--- Your goal ---
Say how many lines below hold the word "wave"; give the number by itself.

——————————

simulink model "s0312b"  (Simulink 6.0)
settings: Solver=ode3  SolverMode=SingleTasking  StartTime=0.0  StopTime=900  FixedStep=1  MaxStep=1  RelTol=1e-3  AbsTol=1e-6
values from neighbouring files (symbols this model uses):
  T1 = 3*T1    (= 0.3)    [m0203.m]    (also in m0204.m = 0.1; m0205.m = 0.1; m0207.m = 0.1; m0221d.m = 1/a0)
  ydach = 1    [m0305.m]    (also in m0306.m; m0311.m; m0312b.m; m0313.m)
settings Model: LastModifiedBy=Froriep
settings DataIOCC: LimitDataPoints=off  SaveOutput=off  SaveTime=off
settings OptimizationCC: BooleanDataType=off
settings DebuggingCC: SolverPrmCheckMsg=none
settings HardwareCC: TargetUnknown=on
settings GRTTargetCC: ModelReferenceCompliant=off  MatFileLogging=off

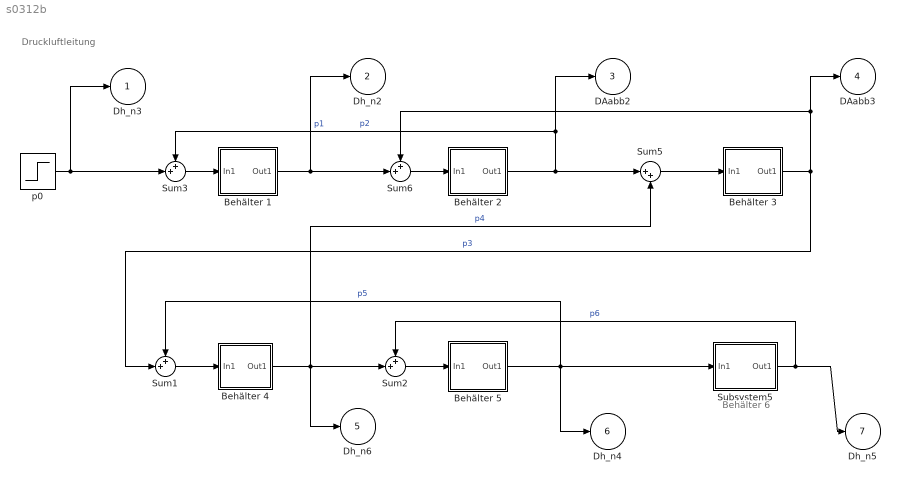
== system s0312b ==
  note: Behälter 6
  note: Druckluftleitung
  Behälter 1 : Subsystem
  Behälter 2 : Subsystem
  Behälter 3 : Subsystem
  Behälter 4 : Subsystem
  Behälter 5 : Subsystem
  Subsystem5 : Subsystem
  Sum{1..3,6} (4 alike) : Sum  Inputs=++|
  Sum5 : Sum  Inputs=|++
  p0 : Step  Time=0  After=ydach  SampleTime=0
  Dh_n3 : Outport
  Dh_n2 : Outport  Port=2
  DAabb2 : Outport  Port=3
  DAabb3 : Outport  Port=4
  Dh_n6 : Outport  Port=5
  Dh_n4 : Outport  Port=6
  Dh_n5 : Outport  Port=7
  wires:
  Behälter 1/1(Out1) -> Dh_n2/1, Sum6/2  "p1"
  Sum3/1 -> Behälter 1/1(In1)
  p0/1 -> Dh_n3/1, Sum3/2
  Behälter 3/1(Out1) -> Sum6/1, DAabb3/1, Sum1/2  "p3"
  Sum6/1 -> Behälter 2/1(In1)
  Behälter 2/1(Out1) -> Sum3/1, DAabb2/1, Sum5/1  "p2"
  Sum5/1 -> Behälter 3/1(In1)
  Behälter 4/1(Out1) -> Sum5/2, Dh_n6/1, Sum2/2  "p4"
  Sum1/1 -> Behälter 4/1(In1)
  Behälter 5/1(Out1) -> Dh_n4/1, Subsystem5/1(In1), Sum1/1  "p5"
  Sum2/1 -> Behälter 5/1(In1)
  Subsystem5/1(Out1) -> Dh_n5/1, Sum2/1  "p6"

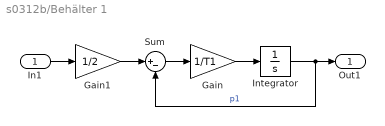
== system s0312b/Behälter 1 ==
  In1 : Inport  Port=1  LatchInput=off
  Gain : Gain  Gain=1/T1
  Gain1 : Gain  Gain=1/2
  Integrator : Integrator
  Sum : Sum  Inputs=|+-
  Out1 : Outport
  wires:
  In1/1 -> Gain1/1
  Gain/1 -> Integrator/1
  Sum/1 -> Gain/1
  Integrator/1 -> Out1/1, Sum/2  "p1"
  Gain1/1 -> Sum/1

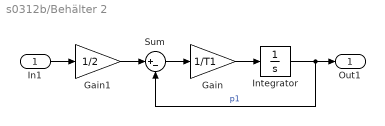
== system s0312b/Behälter 2 ==
  In1 : Inport  Port=1  LatchInput=off
  Gain : Gain  Gain=1/T1
  Gain1 : Gain  Gain=1/2
  Integrator : Integrator
  Sum : Sum  Inputs=|+-
  Out1 : Outport
  wires:
  Gain1/1 -> Sum/1
  Integrator/1 -> Sum/2, Out1/1  "p1"
  Sum/1 -> Gain/1
  Gain/1 -> Integrator/1
  In1/1 -> Gain1/1

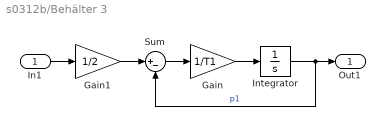
== system s0312b/Behälter 3 ==
  In1 : Inport  Port=1  LatchInput=off
  Gain : Gain  Gain=1/T1
  Gain1 : Gain  Gain=1/2
  Integrator : Integrator
  Sum : Sum  Inputs=|+-
  Out1 : Outport
  wires:
  In1/1 -> Gain1/1
  Gain/1 -> Integrator/1
  Sum/1 -> Gain/1
  Integrator/1 -> Out1/1, Sum/2  "p1"
  Gain1/1 -> Sum/1

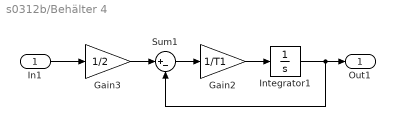
== system s0312b/Behälter 4 ==
  In1 : Inport  Port=1  LatchInput=off
  Gain2 : Gain  Gain=1/T1
  Gain3 : Gain  Gain=1/2
  Integrator1 : Integrator
  Sum1 : Sum  Inputs=|+-
  Out1 : Outport
  wires:
  Gain2/1 -> Integrator1/1
  Sum1/1 -> Gain2/1
  Integrator1/1 -> Sum1/2, Out1/1
  Gain3/1 -> Sum1/1
  In1/1 -> Gain3/1

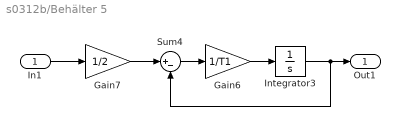
== system s0312b/Behälter 5 ==
  In1 : Inport  Port=1  LatchInput=off
  Gain6 : Gain  Gain=1/T1
  Gain7 : Gain  Gain=1/2
  Integrator3 : Integrator
  Sum4 : Sum  Inputs=|+-
  Out1 : Outport
  wires:
  Gain6/1 -> Integrator3/1
  Sum4/1 -> Gain6/1
  Integrator3/1 -> Sum4/2, Out1/1
  Gain7/1 -> Sum4/1
  In1/1 -> Gain7/1

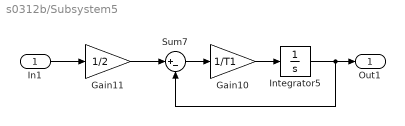
== system s0312b/Subsystem5 ==
  In1 : Inport  Port=1  LatchInput=off
  Gain10 : Gain  Gain=1/T1
  Gain11 : Gain  Gain=1/2
  Integrator5 : Integrator
  Sum7 : Sum  Inputs=|+-
  Out1 : Outport
  wires:
  Gain10/1 -> Integrator5/1
  Sum7/1 -> Gain10/1
  Integrator5/1 -> Sum7/2, Out1/1
  Gain11/1 -> Sum7/1
  In1/1 -> Gain11/1
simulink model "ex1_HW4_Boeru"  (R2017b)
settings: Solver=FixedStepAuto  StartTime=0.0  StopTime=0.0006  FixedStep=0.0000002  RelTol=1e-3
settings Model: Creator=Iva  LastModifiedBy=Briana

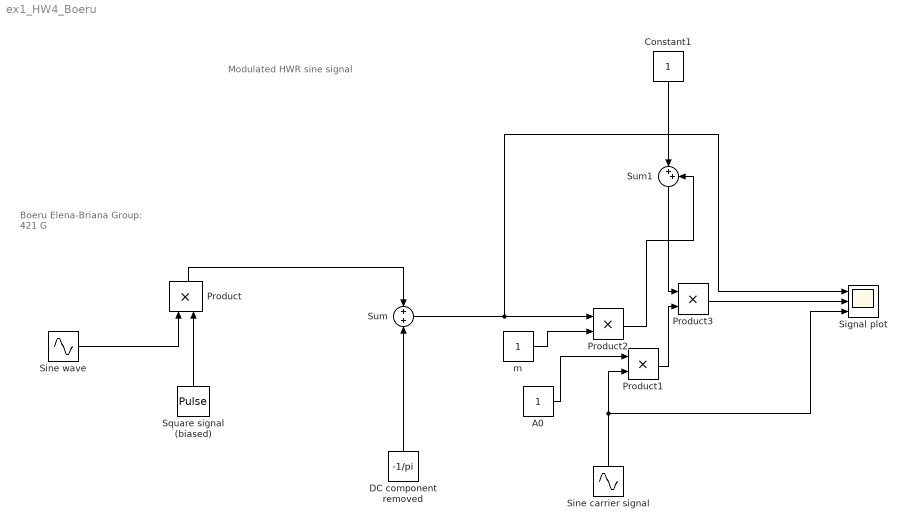
== system ex1_HW4_Boeru ==
  note: Boeru Elena-Briana
      | Group: 421 G
  note: Modulated HWR sine signal
  " DC component removed" : Constant  Value=-1/pi
  "A0 " : Constant
  Constant1 : Constant
  Product{,1..3} (4 alike) : Product
  Signal plot : Scope  NumInputPorts=3
  "Sine carrier signal " : Sin  Frequency=2*pi*500000  SampleTime=0
  Sine wave : Sin  Frequency=2*pi*5000  SampleTime=0
  "Square signal (biased) " : DiscretePulseGenerator  PulseType=Time based  Period=0.0002  PulseWidth=50
  Sum : Sum  Inputs=2
  Sum1 : Sum  Inputs=|++
  m : Constant
  wires:
  Sine wave/1 -> Product/1
  " DC component removed"/1 -> Sum/2
  Product/1 -> Sum/1
  Sum/1 -> Product2/1, Signal plot/1
  m/1 -> Product2/2
  Product2/1 -> Sum1/2
  Constant1/1 -> Sum1/1
  Sum1/1 -> Product3/1
  Product1/1 -> Product3/2
  "A0 "/1 -> Product1/1
  "Sine carrier signal "/1 -> Signal plot/3, Product1/2
  "Square signal (biased) "/1 -> Product/2
  Product3/1 -> Signal plot/2

——————————

--- Result ---
2